CSCI 151 Lab 12: Text prediction


Overview

In this lab, we will implement a trie for storing strings and use it to predict words as they are being typed.

Setup

Description

Modern smartphones include keyboard assistants that will suggest words while you are typing. There are many data structures that can be used to assist in this interaction, to predict the remainder of words, and autocorrect typed words. One such data structure is a trie, which divides the words into their component characters, and then stores the words in such a way that words with a shared prefix share a part of the tree.

There are two main components to the model found in the skeleton project: a Trie to store the tree of strings, and a SortedArrayMap to map characters to child Tries. SortedArrayMap in turn is implemented in terms of a SortedArray class.

You will only have to write code in the Trie class, but you will need to also look at the other classes to see what methods are available. Methods that remain to be implemented in the Trie class have been marked with TODO for easy identification.

Step 1 (D)

Implement the size method. It should essentially count how many Trie nodes have isMember set to true. This can be done recursively:

To iterate over all children, you can use a foreach loop, which depends on the iterator() method from SortedArrayMap.

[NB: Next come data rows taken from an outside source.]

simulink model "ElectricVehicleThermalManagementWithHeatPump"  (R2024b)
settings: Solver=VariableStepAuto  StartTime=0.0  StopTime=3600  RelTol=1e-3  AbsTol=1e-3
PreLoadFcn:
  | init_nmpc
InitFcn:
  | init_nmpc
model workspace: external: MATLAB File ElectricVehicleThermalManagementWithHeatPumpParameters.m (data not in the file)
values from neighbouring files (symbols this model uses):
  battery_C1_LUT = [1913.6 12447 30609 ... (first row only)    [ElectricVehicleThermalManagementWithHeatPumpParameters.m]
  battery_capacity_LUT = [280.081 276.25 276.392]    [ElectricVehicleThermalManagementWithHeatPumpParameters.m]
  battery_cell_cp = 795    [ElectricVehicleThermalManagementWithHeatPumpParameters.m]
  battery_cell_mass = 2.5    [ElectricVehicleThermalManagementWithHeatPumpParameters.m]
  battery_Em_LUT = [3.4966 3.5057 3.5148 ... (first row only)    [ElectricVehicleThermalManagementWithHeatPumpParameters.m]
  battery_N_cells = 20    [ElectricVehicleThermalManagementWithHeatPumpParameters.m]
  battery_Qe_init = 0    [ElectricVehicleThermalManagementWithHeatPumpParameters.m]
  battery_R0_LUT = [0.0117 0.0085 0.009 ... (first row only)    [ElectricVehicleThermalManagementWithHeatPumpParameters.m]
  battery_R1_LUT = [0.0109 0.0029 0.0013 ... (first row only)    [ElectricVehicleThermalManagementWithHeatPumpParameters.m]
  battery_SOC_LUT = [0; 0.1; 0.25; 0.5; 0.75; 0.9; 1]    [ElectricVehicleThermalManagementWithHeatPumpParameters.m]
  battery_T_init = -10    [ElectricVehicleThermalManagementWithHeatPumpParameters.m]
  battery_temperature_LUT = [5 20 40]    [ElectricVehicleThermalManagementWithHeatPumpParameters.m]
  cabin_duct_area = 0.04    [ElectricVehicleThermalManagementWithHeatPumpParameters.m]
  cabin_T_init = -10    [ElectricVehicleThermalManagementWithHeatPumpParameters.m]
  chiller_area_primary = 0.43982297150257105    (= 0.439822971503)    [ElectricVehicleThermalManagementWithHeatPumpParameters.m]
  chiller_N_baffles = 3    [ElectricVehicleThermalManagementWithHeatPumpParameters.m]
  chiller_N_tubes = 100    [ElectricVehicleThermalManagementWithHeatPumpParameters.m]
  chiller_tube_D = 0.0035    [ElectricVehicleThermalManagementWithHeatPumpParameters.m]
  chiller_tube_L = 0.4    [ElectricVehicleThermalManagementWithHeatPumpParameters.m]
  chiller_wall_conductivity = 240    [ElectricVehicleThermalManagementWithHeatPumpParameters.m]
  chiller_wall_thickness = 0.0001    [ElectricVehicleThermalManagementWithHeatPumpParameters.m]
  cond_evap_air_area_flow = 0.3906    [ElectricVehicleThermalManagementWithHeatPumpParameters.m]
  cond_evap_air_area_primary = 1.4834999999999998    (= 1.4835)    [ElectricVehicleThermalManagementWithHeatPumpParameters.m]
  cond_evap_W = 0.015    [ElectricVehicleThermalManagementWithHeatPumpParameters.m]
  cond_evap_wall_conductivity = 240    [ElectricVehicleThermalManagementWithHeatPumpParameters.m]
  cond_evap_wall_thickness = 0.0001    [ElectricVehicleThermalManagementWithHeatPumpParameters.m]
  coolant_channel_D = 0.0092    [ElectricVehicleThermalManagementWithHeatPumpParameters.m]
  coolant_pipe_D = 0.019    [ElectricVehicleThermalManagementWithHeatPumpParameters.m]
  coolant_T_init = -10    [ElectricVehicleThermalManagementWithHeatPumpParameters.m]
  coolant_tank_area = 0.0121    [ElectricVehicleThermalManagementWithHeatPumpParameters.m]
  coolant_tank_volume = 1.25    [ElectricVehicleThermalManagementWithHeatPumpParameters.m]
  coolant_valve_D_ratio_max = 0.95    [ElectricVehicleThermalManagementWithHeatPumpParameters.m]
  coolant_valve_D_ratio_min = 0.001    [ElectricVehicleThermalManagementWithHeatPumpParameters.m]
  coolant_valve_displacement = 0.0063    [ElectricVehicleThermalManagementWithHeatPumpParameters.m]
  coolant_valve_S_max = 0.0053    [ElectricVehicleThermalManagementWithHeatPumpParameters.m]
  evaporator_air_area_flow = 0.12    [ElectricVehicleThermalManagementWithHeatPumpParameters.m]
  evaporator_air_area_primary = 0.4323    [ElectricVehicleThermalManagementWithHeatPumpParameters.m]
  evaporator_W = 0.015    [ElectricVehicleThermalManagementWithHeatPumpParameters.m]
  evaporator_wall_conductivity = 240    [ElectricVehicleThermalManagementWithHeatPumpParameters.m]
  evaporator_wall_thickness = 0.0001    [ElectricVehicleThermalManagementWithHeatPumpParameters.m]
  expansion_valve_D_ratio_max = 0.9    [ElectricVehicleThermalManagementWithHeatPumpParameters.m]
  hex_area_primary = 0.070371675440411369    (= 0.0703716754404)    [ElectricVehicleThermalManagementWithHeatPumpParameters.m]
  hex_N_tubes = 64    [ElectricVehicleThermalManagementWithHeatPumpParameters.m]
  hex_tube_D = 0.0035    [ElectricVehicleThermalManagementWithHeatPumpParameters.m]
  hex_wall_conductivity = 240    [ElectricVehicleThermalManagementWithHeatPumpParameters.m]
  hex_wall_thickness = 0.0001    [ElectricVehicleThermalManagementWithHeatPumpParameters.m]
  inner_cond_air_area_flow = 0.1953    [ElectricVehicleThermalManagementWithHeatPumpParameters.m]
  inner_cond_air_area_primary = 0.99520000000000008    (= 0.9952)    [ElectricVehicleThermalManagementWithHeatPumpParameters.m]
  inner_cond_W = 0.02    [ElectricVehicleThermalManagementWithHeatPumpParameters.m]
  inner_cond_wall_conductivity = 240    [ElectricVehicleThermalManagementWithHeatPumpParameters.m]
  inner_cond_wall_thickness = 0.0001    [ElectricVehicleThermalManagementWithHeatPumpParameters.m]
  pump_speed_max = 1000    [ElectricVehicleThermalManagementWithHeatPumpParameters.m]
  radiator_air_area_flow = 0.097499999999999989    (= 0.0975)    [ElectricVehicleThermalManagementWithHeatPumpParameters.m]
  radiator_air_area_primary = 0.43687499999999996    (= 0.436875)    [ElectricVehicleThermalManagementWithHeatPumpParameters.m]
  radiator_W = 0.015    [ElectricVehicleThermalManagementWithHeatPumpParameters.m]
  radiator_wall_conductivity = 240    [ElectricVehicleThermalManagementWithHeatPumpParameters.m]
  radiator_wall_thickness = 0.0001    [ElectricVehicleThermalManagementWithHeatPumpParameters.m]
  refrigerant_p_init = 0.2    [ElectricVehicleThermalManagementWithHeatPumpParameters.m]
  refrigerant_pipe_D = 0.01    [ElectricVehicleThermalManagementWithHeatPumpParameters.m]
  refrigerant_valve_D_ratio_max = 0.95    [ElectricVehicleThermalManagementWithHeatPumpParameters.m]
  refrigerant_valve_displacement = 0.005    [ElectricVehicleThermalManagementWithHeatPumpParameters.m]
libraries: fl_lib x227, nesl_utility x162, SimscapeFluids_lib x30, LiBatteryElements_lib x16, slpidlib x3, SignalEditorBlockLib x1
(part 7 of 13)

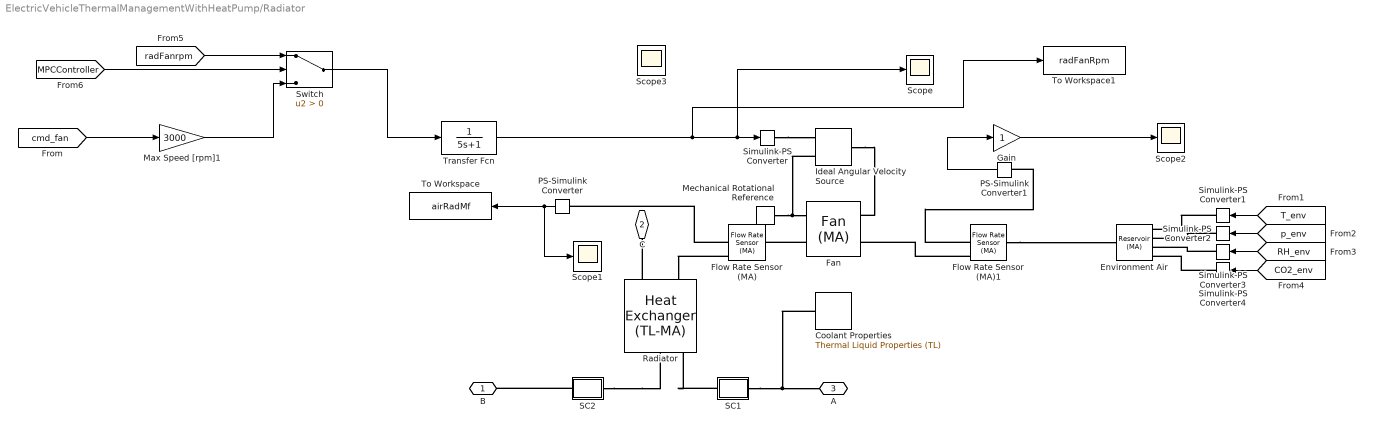
== system ElectricVehicleThermalManagementWithHeatPump/Radiator ==
  Coolant Properties : SimscapeFluids_lib/Thermal Liquid/Utilities/Thermal Liquid Properties (TL)  fluid_list=fluids.thermal_liquid.utilities.enum.thermal_liquid_fluid_list.ethylene_glycol  concentration_param_EG=fluids.thermal_liquid.utilities.enum.thermal_liquid_concentration.volume_fraction  concentration_param_PG=fluids.thermal_liquid.utilities.enum.thermal_liquid_concentration.volume_fraction  c_mass_SW=3.5e-3  c_mass_EG=0.1  c_mass_PG=0.1  c_mass_GL=0.1  c_vol_EG=0.5  c_vol_PG=0.1  beta_const_EG=2.1791 GPa  beta_const_PG=2.1791 GPa  beta_const_GL=2.1791 GPa  p_min_EG=0.01 MPa  p_min_PG=0.01 MPa  p_min_GL=0.01 MPa  p_max_EG=50 MPa  p_max_PG=50 MPa  p_max_GL=50 MPa  p_atm=0.101325 MPa  properties_range_check=simscape.enum.assert.action.error
  Environment Air : fl_lib/Moist Air/Elements/Reservoir (MA)  pressure_input=true  pressure_spec=foundation.enum.pressure_spec.atmospheric  reservoir_pressure=0.101325 MPa  temperature_input=true  temperature_spec=foundation.enum.temperature_spec.atmospheric  reservoir_temperature=293.15 K  humidity_input=true  humidity_spec=foundation.enum.HumiditySpec.RelativeHumidity  reservoir_RH=0.5  reservoir_x_w=0.01  reservoir_y_w=0.01  reservoir_HR=0.01  reservoir_Tw=287 K  trace_gas_input=true  trace_gas_spec=foundation.enum.trace_gas_spec.mole_fraction  reservoir_x_g=0.001  reservoir_y_g=0.001  water_droplets_input=false  reservoir_r_d=0  RH_ws=1  area_A=cabin_duct_area m^2  input_error_spec=foundation.enum.input_range_error.warn
      settings: InternalSimscapePortConfiguration="{\"Bottom\":[],\"Left\":[{\"id\":\"A\",\"label\":\"A\",\"type\":\"foundation.moist_air.moist_air\"}],\"Right\":[{\"id\":\"T\",\"label\":\"T\",\"type\":\"input\"},{\"id\":\"P\",\"label\":\"P\",\"type\":\"input\"},{\"id\":\"W\",\"label\":\"W\",\"type\":\"input\"},{\"id\":\"G\",\"label\":\"G\",\"type\":\"input\"}],\"Top\":[]}"
  Fan : SimscapeFluids_lib/Moist Air/Turbomachinery/Fan (MA)  fan_parameterization=fluids.moist_air.turbomachinery.enum.FanParameterization.Table1D  mechanical_power_spec=fluids.moist_air.turbomachinery.enum.FanMechanicalPowerSpec.Efficiency  flow_rate_nominal=0.8 m^3/s  pressure_nominal=400 Pa  eta_nominal=0.6  power_nominal=1620 W  pressure_max=600 Pa  flow_rate_max=1.5 m^3/s  omega_ref_nominal=1000 rpm  flow_rate_1D_TLU=[.0278, .0556, .0833, .111, .139, .167] m^3/s  pressure_1D_TLU=[6410, 6375, 6018, 5366, 4501, 3609] Pa  eta_1D_TLU=[.257, .394, .453, .47, .459, .415]  power_1D_TLU=[693, 900, 1107, 1267, 1363, 1452] W  omega_ref_1D=3000 rpm  rho_ref_1D=1.2 kg/m^3  omega_threshold_factor=1e-2  omega_dp_TLU=[2400; 3000; 3600] rpm  flow_rate_dp_TLU=[.0278, .0556, .0833, .111, .139, .167] m^3/s  pressure_dp_TLU=[4111, 4010, 3551, 2881, 2167, 1453; 6410, 6375, 6018, 5366, 4501, 3609; 9217, 9285, 9022, 8428, 7552, 6482] Pa  eta_dp_TLU=[.3, .434, .468, .459, .4, .3; .257, .394, .453, .47, .459, .415; .225, .359, .434, .461, .47, .459]  power_dp_TLU=[381, 514, 632, 697, 753, 809; 693, 900, 1107, 1267, 1363, 1452; 1139, 1438, 1732, 2029, 2233, 2358] W  rho_ref_dp=1.2 kg/m^3  omega_q_TLU=[2990; 3450; 3867] rpm  pressure_q_TLU=[31, 62, 93, 124] Pa  flow_rate_q_TLU=[.802, .759, .703, .611; .936, .902, .862, .81; 1.056, 1.027, .994, .956] m^3/s  eta_q_TLU=[.088, .162, .22, .261; .068, .128, .18, .222; .055, .105, .148, .188]  power_q_TLU=[283, 290, 297, 290; 427, 437, 445, 452; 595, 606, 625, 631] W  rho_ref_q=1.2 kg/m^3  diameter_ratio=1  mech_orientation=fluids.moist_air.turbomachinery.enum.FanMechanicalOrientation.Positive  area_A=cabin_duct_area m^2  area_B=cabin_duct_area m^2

We actually wrote this method together in class:

public int size() {
    int count = 0;
    if (isMember) {
        count++;
    }

    for (Association<Character, Trie> assoc : children) {
        count += assoc.getValue().size();
    }

    return count;
}

Step 2 (C)

Step 3 (B)

Step 4 (A)

Implement inorder and successorsTo. See the comments in the code for descriptions of what they should do. Coming up with a good way to organize inorder is tricky. Feel free to ask me for hints. Once you have written inorder, it is possible to write successorsTo in a concise way that reuses several previous pieces.

Step 5 (100)

For a grade of 100 on the lab, implement a better version of remove, which actually deletes any unneeded Trie nodes.